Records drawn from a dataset

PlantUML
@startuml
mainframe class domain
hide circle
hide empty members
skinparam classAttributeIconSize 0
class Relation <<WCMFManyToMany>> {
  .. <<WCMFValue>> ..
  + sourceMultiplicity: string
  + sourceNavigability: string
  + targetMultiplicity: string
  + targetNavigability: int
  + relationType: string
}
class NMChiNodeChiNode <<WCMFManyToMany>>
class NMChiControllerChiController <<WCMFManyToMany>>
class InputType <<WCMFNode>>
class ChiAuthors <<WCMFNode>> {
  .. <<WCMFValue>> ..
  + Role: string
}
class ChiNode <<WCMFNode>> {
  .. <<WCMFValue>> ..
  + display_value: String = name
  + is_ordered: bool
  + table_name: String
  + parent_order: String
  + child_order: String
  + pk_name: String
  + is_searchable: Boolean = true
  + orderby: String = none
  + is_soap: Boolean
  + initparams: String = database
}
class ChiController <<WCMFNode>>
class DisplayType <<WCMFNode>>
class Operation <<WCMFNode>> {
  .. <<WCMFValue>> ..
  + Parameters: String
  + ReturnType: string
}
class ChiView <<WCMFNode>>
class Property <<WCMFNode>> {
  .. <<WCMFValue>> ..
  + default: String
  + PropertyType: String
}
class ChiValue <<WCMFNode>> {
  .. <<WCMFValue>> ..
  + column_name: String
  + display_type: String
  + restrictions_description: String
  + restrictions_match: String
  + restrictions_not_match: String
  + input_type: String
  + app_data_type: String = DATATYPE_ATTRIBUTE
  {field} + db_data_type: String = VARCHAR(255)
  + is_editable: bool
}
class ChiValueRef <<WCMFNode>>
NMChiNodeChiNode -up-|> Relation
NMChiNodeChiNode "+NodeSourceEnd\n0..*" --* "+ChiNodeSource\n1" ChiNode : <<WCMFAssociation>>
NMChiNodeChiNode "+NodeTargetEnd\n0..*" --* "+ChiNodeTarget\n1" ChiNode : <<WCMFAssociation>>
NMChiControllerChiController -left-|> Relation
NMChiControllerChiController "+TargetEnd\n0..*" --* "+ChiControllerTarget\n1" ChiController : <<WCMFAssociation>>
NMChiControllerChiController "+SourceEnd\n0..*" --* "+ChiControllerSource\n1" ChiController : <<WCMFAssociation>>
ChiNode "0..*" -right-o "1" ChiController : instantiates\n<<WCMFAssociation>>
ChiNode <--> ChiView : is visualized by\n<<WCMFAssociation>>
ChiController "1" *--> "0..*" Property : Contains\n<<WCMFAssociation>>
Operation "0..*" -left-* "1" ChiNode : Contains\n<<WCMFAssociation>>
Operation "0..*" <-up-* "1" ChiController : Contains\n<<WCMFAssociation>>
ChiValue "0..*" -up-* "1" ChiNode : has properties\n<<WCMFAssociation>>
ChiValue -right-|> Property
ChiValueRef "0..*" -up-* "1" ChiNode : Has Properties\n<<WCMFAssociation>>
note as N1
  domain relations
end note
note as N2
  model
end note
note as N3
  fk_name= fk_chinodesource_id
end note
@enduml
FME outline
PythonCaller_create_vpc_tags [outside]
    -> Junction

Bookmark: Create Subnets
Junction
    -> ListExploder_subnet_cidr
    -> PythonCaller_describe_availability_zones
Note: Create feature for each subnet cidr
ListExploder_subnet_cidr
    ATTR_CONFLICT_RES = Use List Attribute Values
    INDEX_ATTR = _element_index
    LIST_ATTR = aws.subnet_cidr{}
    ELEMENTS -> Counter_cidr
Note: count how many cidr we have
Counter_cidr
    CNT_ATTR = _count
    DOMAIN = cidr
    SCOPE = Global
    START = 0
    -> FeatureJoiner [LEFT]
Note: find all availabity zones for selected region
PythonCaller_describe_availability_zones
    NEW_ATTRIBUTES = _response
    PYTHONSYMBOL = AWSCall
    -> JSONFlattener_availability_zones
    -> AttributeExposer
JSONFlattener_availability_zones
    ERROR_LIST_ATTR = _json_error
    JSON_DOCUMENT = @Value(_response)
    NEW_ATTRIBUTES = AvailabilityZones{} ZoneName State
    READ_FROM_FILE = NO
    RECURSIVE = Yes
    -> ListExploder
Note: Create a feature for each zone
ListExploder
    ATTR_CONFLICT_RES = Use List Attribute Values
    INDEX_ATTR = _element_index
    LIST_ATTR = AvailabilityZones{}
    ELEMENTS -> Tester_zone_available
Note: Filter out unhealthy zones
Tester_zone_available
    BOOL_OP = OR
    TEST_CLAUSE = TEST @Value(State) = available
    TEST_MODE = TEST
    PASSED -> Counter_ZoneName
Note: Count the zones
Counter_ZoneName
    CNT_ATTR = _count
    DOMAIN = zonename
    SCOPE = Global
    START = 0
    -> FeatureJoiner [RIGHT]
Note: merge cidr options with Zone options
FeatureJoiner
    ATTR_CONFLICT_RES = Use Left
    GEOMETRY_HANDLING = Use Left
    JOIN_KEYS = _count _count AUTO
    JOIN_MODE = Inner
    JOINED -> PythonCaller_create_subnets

Task
Every record above is to be transcribed exactly.

Task result
PlantUML
@startuml
mainframe class domain
hide circle
hide empty members
skinparam classAttributeIconSize 0
class Relation <<WCMFManyToMany>> {
  .. <<WCMFValue>> ..
  + sourceMultiplicity: string
  + sourceNavigability: string
  + targetMultiplicity: string
  + targetNavigability: int
  + relationType: string
}
class NMChiNodeChiNode <<WCMFManyToMany>>
class NMChiControllerChiController <<WCMFManyToMany>>
class InputType <<WCMFNode>>
class ChiAuthors <<WCMFNode>> {
  .. <<WCMFValue>> ..
  + Role: string
}
class ChiNode <<WCMFNode>> {
  .. <<WCMFValue>> ..
  + display_value: String = name
  + is_ordered: bool
  + table_name: String
  + parent_order: String
  + child_order: String
  + pk_name: String
  + is_searchable: Boolean = true
  + orderby: String = none
  + is_soap: Boolean
  + initparams: String = database
}
class ChiController <<WCMFNode>>
class DisplayType <<WCMFNode>>
class Operation <<WCMFNode>> {
  .. <<WCMFValue>> ..
  + Parameters: String
  + ReturnType: string
}
class ChiView <<WCMFNode>>
class Property <<WCMFNode>> {
  .. <<WCMFValue>> ..
  + default: String
  + PropertyType: String
}
class ChiValue <<WCMFNode>> {
  .. <<WCMFValue>> ..
  + column_name: String
  + display_type: String
  + restrictions_description: String
  + restrictions_match: String
  + restrictions_not_match: String
  + input_type: String
  + app_data_type: String = DATATYPE_ATTRIBUTE
  {field} + db_data_type: String = VARCHAR(255)
  + is_editable: bool
}
class ChiValueRef <<WCMFNode>>
NMChiNodeChiNode -up-|> Relation
NMChiNodeChiNode "+NodeSourceEnd\n0..*" --* "+ChiNodeSource\n1" ChiNode : <<WCMFAssociation>>
NMChiNodeChiNode "+NodeTargetEnd\n0..*" --* "+ChiNodeTarget\n1" ChiNode : <<WCMFAssociation>>
NMChiControllerChiController -left-|> Relation
NMChiControllerChiController "+TargetEnd\n0..*" --* "+ChiControllerTarget\n1" ChiController : <<WCMFAssociation>>
NMChiControllerChiController "+SourceEnd\n0..*" --* "+ChiControllerSource\n1" ChiController : <<WCMFAssociation>>
ChiNode "0..*" -right-o "1" ChiController : instantiates\n<<WCMFAssociation>>
ChiNode <--> ChiView : is visualized by\n<<WCMFAssociation>>
ChiController "1" *--> "0..*" Property : Contains\n<<WCMFAssociation>>
Operation "0..*" -left-* "1" ChiNode : Contains\n<<WCMFAssociation>>
Operation "0..*" <-up-* "1" ChiController : Contains\n<<WCMFAssociation>>
ChiValue "0..*" -up-* "1" ChiNode : has properties\n<<WCMFAssociation>>
ChiValue -right-|> Property
ChiValueRef "0..*" -up-* "1" ChiNode : Has Properties\n<<WCMFAssociation>>
note as N1
  domain relations
end note
note as N2
  model
end note
note as N3
  fk_name= fk_chinodesource_id
end note
@enduml
FME outline
PythonCaller_create_vpc_tags [outside]
    -> Junction

Bookmark: Create Subnets
Junction
    -> ListExploder_subnet_cidr
    -> PythonCaller_describe_availability_zones
Note: Create feature for each subnet cidr
ListExploder_subnet_cidr
    ATTR_CONFLICT_RES = Use List Attribute Values
    INDEX_ATTR = _element_index
    LIST_ATTR = aws.subnet_cidr{}
    ELEMENTS -> Counter_cidr
Note: count how many cidr we have
Counter_cidr
    CNT_ATTR = _count
    DOMAIN = cidr
    SCOPE = Global
    START = 0
    -> FeatureJoiner [LEFT]
Note: find all availabity zones for selected region
PythonCaller_describe_availability_zones
    NEW_ATTRIBUTES = _response
    PYTHONSYMBOL = AWSCall
    -> JSONFlattener_availability_zones
    -> AttributeExposer
JSONFlattener_availability_zones
    ERROR_LIST_ATTR = _json_error
    JSON_DOCUMENT = @Value(_response)
    NEW_ATTRIBUTES = AvailabilityZones{} ZoneName State
    READ_FROM_FILE = NO
    RECURSIVE = Yes
    -> ListExploder
Note: Create a feature for each zone
ListExploder
    ATTR_CONFLICT_RES = Use List Attribute Values
    INDEX_ATTR = _element_index
    LIST_ATTR = AvailabilityZones{}
    ELEMENTS -> Tester_zone_available
Note: Filter out unhealthy zones
Tester_zone_available
    BOOL_OP = OR
    TEST_CLAUSE = TEST @Value(State) = available
    TEST_MODE = TEST
    PASSED -> Counter_ZoneName
Note: Count the zones
Counter_ZoneName
    CNT_ATTR = _count
    DOMAIN = zonename
    SCOPE = Global
    START = 0
    -> FeatureJoiner [RIGHT]
Note: merge cidr options with Zone options
FeatureJoiner
    ATTR_CONFLICT_RES = Use Left
    GEOMETRY_HANDLING = Use Left
    JOIN_KEYS = _count _count AUTO
    JOIN_MODE = Inner
    JOINED -> PythonCaller_create_subnets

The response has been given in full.